# Spinach Bolani - Afghan recipe



## honeyb

I just sampled and purchased at a local farmer's market, the afghan-style Spinach Bolani -- a flatbread filled with spinach, simply made with flour, spinach, green onion, canola oil, cilantro, salt, and spices per the ingredient list.
  Thin as a crepe, with a spinach filling.
  Does anyone have a recipe for this?

  Thanks!

- HoneyB

Picture of bolani with other dips and sauces made by and sold by East & West Gourmet Foods of Concord, CA at the farmer's market.


----------



## Yakuta

That looks good.  I buy the plain afghan bread (not the seasoned one you mention).  It's actually a nice flat bread with a slight hint of sweetness.  I have seen the stuffed version but never tried it. 

I think the spinach bread is actually a mixture that is stuffed in between the flat bread that is so popular in that cuisine.  It is similar to a paratha that is common in Indian cuisine. 

It uses a mixture of spinach, garlic, mashed fava beans, some cream cheese, cilantro and green onions, salt and pepper which is made into a paste and then spread to the flat bread that is carefully split in half and then wrapped tightly.  You can warm it lightly in the oven to heat it up.  

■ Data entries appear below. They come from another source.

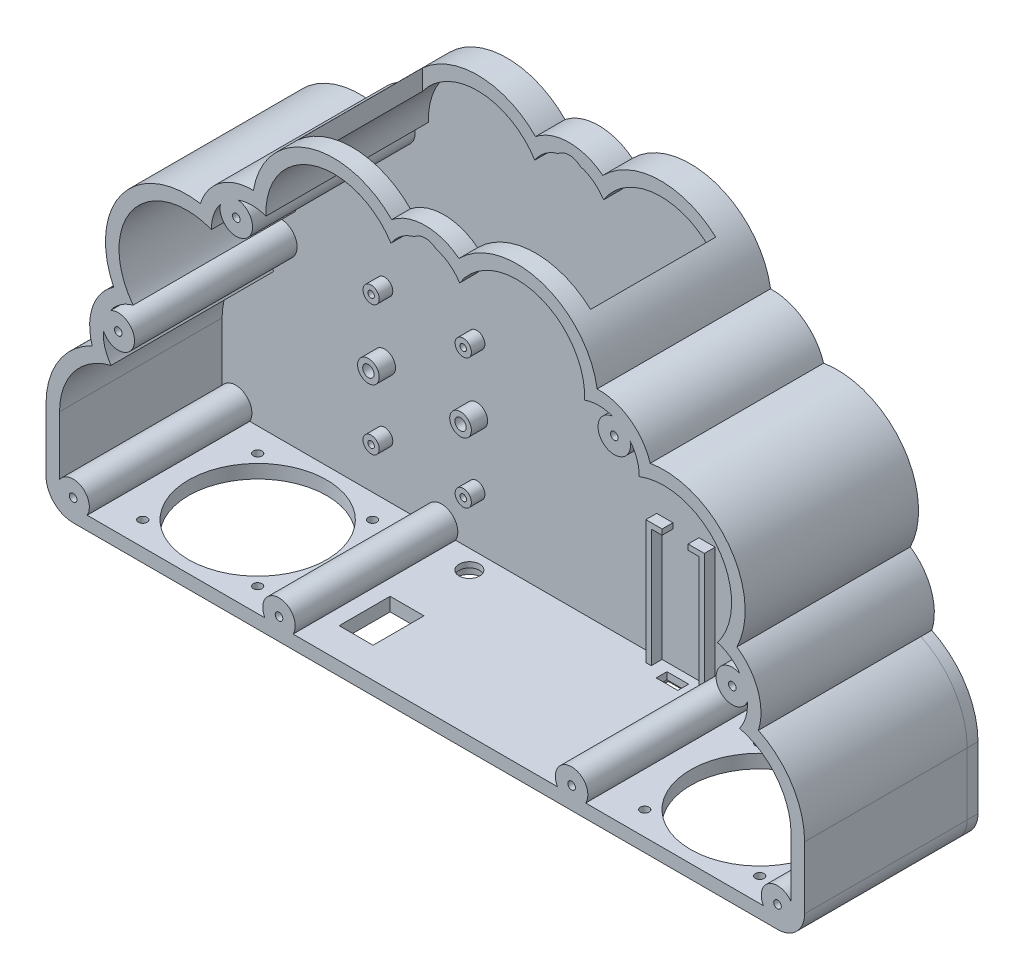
ISO-10303-21;
HEADER;
FILE_DESCRIPTION(('STEP AP214'),'2;1');
FILE_NAME('part.step','',(''),(''),'','','');
FILE_SCHEMA(('AUTOMOTIVE_DESIGN { 1 0 10303 214 1 1 1 1 }'));
ENDSEC;
DATA;
#1=APPLICATION_CONTEXT('core data for automotive mechanical design processes');
#2=APPLICATION_PROTOCOL_DEFINITION('international standard','automotive_design',2000,#1);
#3=PRODUCT_CONTEXT('',#1,'mechanical');
#4=PRODUCT('Part','Part','',(#3));
#5=PRODUCT_RELATED_PRODUCT_CATEGORY('part','',(#4));
#6=PRODUCT_DEFINITION_FORMATION('','',#4);
#7=PRODUCT_DEFINITION_CONTEXT('part definition',#1,'design');
#8=PRODUCT_DEFINITION('design','',#6,#7);
#9=PRODUCT_DEFINITION_SHAPE('','',#8);
#10=(LENGTH_UNIT() NAMED_UNIT(*) SI_UNIT(.MILLI.,.METRE.));
#11=(NAMED_UNIT(*) PLANE_ANGLE_UNIT() SI_UNIT($,.RADIAN.));
#12=(NAMED_UNIT(*) SI_UNIT($,.STERADIAN.) SOLID_ANGLE_UNIT());
#13=UNCERTAINTY_MEASURE_WITH_UNIT(LENGTH_MEASURE(1.E-05),#10,'distance_accuracy_value','');
#14=(GEOMETRIC_REPRESENTATION_CONTEXT(3) GLOBAL_UNCERTAINTY_ASSIGNED_CONTEXT((#13)) GLOBAL_UNIT_ASSIGNED_CONTEXT((#10,
#11,#12)) REPRESENTATION_CONTEXT('',''));
#15=CARTESIAN_POINT('',(0.,0.,0.));
#16=DIRECTION('',(0.,0.,1.));
#17=DIRECTION('',(1.,0.,0.));
#18=AXIS2_PLACEMENT_3D('',#15,#16,#17);
#19=CARTESIAN_POINT('',(140.,-52.,5.));
#20=DIRECTION('',(-1.,0.,0.));
#21=DIRECTION('',(0.,-1.,0.));
#22=AXIS2_PLACEMENT_3D('',#19,#20,#21);
#23=PLANE('',#22);
#24=DIRECTION('',(0.,-1.,0.));
#25=VECTOR('',#24,1.);
#26=CARTESIAN_POINT('',(140.,-52.,1.));
#27=LINE('',#26,#25);
#28=CARTESIAN_POINT('',(140.,-52.,1.));
#29=VERTEX_POINT('',#28);
#30=CARTESIAN_POINT('',(140.,-75.,1.));
#31=VERTEX_POINT('',#30);
#32=EDGE_CURVE('E315',#29,#31,#27,.T.);
#33=ORIENTED_EDGE('',*,*,#32,.F.);
#34=DIRECTION('',(0.,0.,-1.));
#35=VECTOR('',#34,1.);
#36=CARTESIAN_POINT('',(140.,-52.,5.));
#37=LINE('',#36,#35);
#38=CARTESIAN_POINT('',(139.999541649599,-52.,5.));
#39=VERTEX_POINT('',#38);
#40=EDGE_CURVE('E887',#39,#29,#37,.T.);
#41=ORIENTED_EDGE('',*,*,#40,.F.);
#42=CARTESIAN_POINT('',(139.999083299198,-75.,5.));
#43=DIRECTION('',(0.,1.,0.));
#44=VECTOR('',#43,1.);
#45=LINE('',#42,#44);
#46=CARTESIAN_POINT('',(139.999541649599,-75.,5.));
#47=VERTEX_POINT('',#46);
#48=EDGE_CURVE('E894',#47,#39,#45,.T.);
#49=ORIENTED_EDGE('',*,*,#48,.F.);
#50=DIRECTION('',(0.,0.,-1.));
#51=VECTOR('',#50,1.);
#52=CARTESIAN_POINT('',(140.,-75.,5.));
#53=LINE('',#52,#51);
#54=EDGE_CURVE('E885',#47,#31,#53,.T.);
#55=ORIENTED_EDGE('',*,*,#54,.T.);
#56=EDGE_LOOP('',(#33,#41,#49,#55));
#57=FACE_BOUND('',#56,.T.);
#58=ADVANCED_FACE('F297',(#57),#23,.F.);
#59=CARTESIAN_POINT('',(109.959083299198,-52.,5.));
#60=DIRECTION('',(0.,0.,-1.));
#61=DIRECTION('',(-1.,0.,0.));
#62=AXIS2_PLACEMENT_3D('',#59,#60,#61);
#63=CYLINDRICAL_SURFACE('',#62,30.0409167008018);
#64=CARTESIAN_POINT('',(109.959083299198,-52.,1.));
#65=DIRECTION('',(0.,0.,-1.));
#66=DIRECTION('',(-1.,0.,0.));
#67=AXIS2_PLACEMENT_3D('',#64,#65,#66);
#68=CIRCLE('',#67,30.0409167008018);
#69=CARTESIAN_POINT('',(122.94048262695,-24.9086739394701,1.));
#70=VERTEX_POINT('',#69);
#71=EDGE_CURVE('E2165',#70,#29,#68,.T.);
#72=ORIENTED_EDGE('',*,*,#71,.F.);
#73=DIRECTION('',(0.,0.,-1.));
#74=VECTOR('',#73,1.);
#75=CARTESIAN_POINT('',(122.94048262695,-24.9086739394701,5.));
#76=LINE('',#75,#74);
#77=CARTESIAN_POINT('',(122.940342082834,-24.9091148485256,5.));
#78=VERTEX_POINT('',#77);
#79=EDGE_CURVE('E929',#78,#70,#76,.T.);
#80=ORIENTED_EDGE('',*,*,#79,.F.);
#81=CARTESIAN_POINT('',(109.959083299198,-52.,5.));
#82=DIRECTION('',(0.,0.,1.));
#83=DIRECTION('',(1.,0.,0.));
#84=AXIS2_PLACEMENT_3D('',#81,#82,#83);
#85=CIRCLE('',#84,30.04);
#86=EDGE_CURVE('E939',#39,#78,#85,.T.);
#87=ORIENTED_EDGE('',*,*,#86,.F.);
#88=ORIENTED_EDGE('',*,*,#40,.T.);
#89=EDGE_LOOP('',(#72,#80,#87,#88));
#90=FACE_BOUND('',#89,.T.);
#91=ADVANCED_FACE('F914',(#90),#63,.T.);
#92=CARTESIAN_POINT('',(103.885011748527,-18.8350399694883,5.));
#93=DIRECTION('',(0.,0.,-1.));
#94=DIRECTION('',(-1.,0.,0.));
#95=AXIS2_PLACEMENT_3D('',#92,#93,#94);
#96=CYLINDRICAL_SURFACE('',#95,19.9999999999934);
#97=CARTESIAN_POINT('',(103.885011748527,-18.8350399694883,1.));
#98=DIRECTION('',(0.,0.,-1.));
#99=DIRECTION('',(-1.,0.,0.));
#100=AXIS2_PLACEMENT_3D('',#97,#98,#99);
#101=CIRCLE('',#100,19.9999999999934);
#102=CARTESIAN_POINT('',(115.01505389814,-2.21811601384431,1.));
#103=VERTEX_POINT('',#102);
#104=EDGE_CURVE('E2580',#103,#70,#101,.T.);
#105=ORIENTED_EDGE('',*,*,#104,.F.);
#106=DIRECTION('',(0.,0.,-1.));
#107=VECTOR('',#106,1.);
#108=CARTESIAN_POINT('',(115.015053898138,-2.21811601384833,5.));
#109=LINE('',#108,#107);
#110=CARTESIAN_POINT('',(115.015053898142,-2.21811601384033,65.));
#111=VERTEX_POINT('',#110);
#112=EDGE_CURVE('E903',#111,#103,#109,.T.);
#113=ORIENTED_EDGE('',*,*,#112,.F.);
#114=CARTESIAN_POINT('',(103.885011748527,-18.8350399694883,65.));
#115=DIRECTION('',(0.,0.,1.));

A lot of the middle eastern, east indian and other asian cuisines use similar spices to make stuffed bread.


----------



## minerble

Hey I was lookin for the same thing, my friend says it is similar to indian spinach parantha so I am goin to try a recipe for that and serve it with a mixture of yogurt and cream chz and some jalepeno jelly I made let me know how your search goes and I'll let u know how it turns out. I also called east west, thier # is on the label, to ask them about commercial kitchen rental, I'm trying to start a business of my own and I need a kitchen for production, let me know if u know of any in contra costa thx


----------



## honeyb

Ingredients for parantha seem very similar, but it appears parantha may be just a bit thicker. I like how thin the bolani these guys at East & West make them; the closest description of their bolani is a cross between a crepe and a flour tortilla folded over with a filling - a good description is found on wiki. A search on the internet will get you a bunch of parantha recipes, just can't find bolani. I see people mix "bolani" up with other recipes with similar spelling.


----------



## mish

HoneyB, that sounds delish.  I've had spinach stuffed bread/phyllo, but nothing like you mentioned.  Hope someone comes up with a recipe.


----------



## The KB

*Bolani*

I purchased the same Bolani that Honey B was asking about on 12/9/06.  This is so delicious.  It would be very easy to make.  Buy some very fresh Lavash Bread and saute with a bit of olive oil some fresh spinach, cilantro, salt & Pepper and maybe some cumin and garlic.  Let cool a bit chop finely and put on half of a pice of Lavash.  Fold top over and press together tightly.  Serve with some of your favorite indian sauces or do what I did and spread some store bought spicey hummus over the top.  Very yummy snack low in carbs and calories.


----------



## sanfran_fem

*Seeking Nutritional Information for Bolani*

I bought the spinach and pumpkin Bolani at the farmer's market yesterday here in SF.  I'm trying to figure out:

1) How many portions per piece
2) Calories per portion
3) Fat per portion
4) Fiber, if any, per portion

That info will help me figure out the WeightWatcher points. Of course I ate an entire piece of both types, which is probably 10000 calories, but I still want to track it!  Even if it does say "low fat"....

Thanks for your help.

P.S.  I did email them directly with this request, but may not hear back from them.


----------



## quicksilver

Welcome, sanfran fem.  Oh, and The KB, and minerble, and honeyb.Glad you all found us.


----------



## Jeekinz

sanfran_fem said:


> I bought the spinach and pumpkin Bolani at the farmer's market yesterday here in SF. I'm trying to figure out:
> 
> 1) How many portions per piece
> 2) Calories per portion
> 3) Fat per portion
> 4) Fiber, if any, per portion
> 
> That info will help me figure out the WeightWatcher points. Of course I ate an entire piece of both types, which is probably 10000 calories, but I still want to track it! Even if it does say "low fat"....
> 
> Thanks for your help.
> 
> P.S. I did email them directly with this request, but may not hear back from them.


 
If you go to Nutrition facts, calories in food, labels, nutritional information and analysis – NutritionData.com, you can register and use the website to analyze a recipe.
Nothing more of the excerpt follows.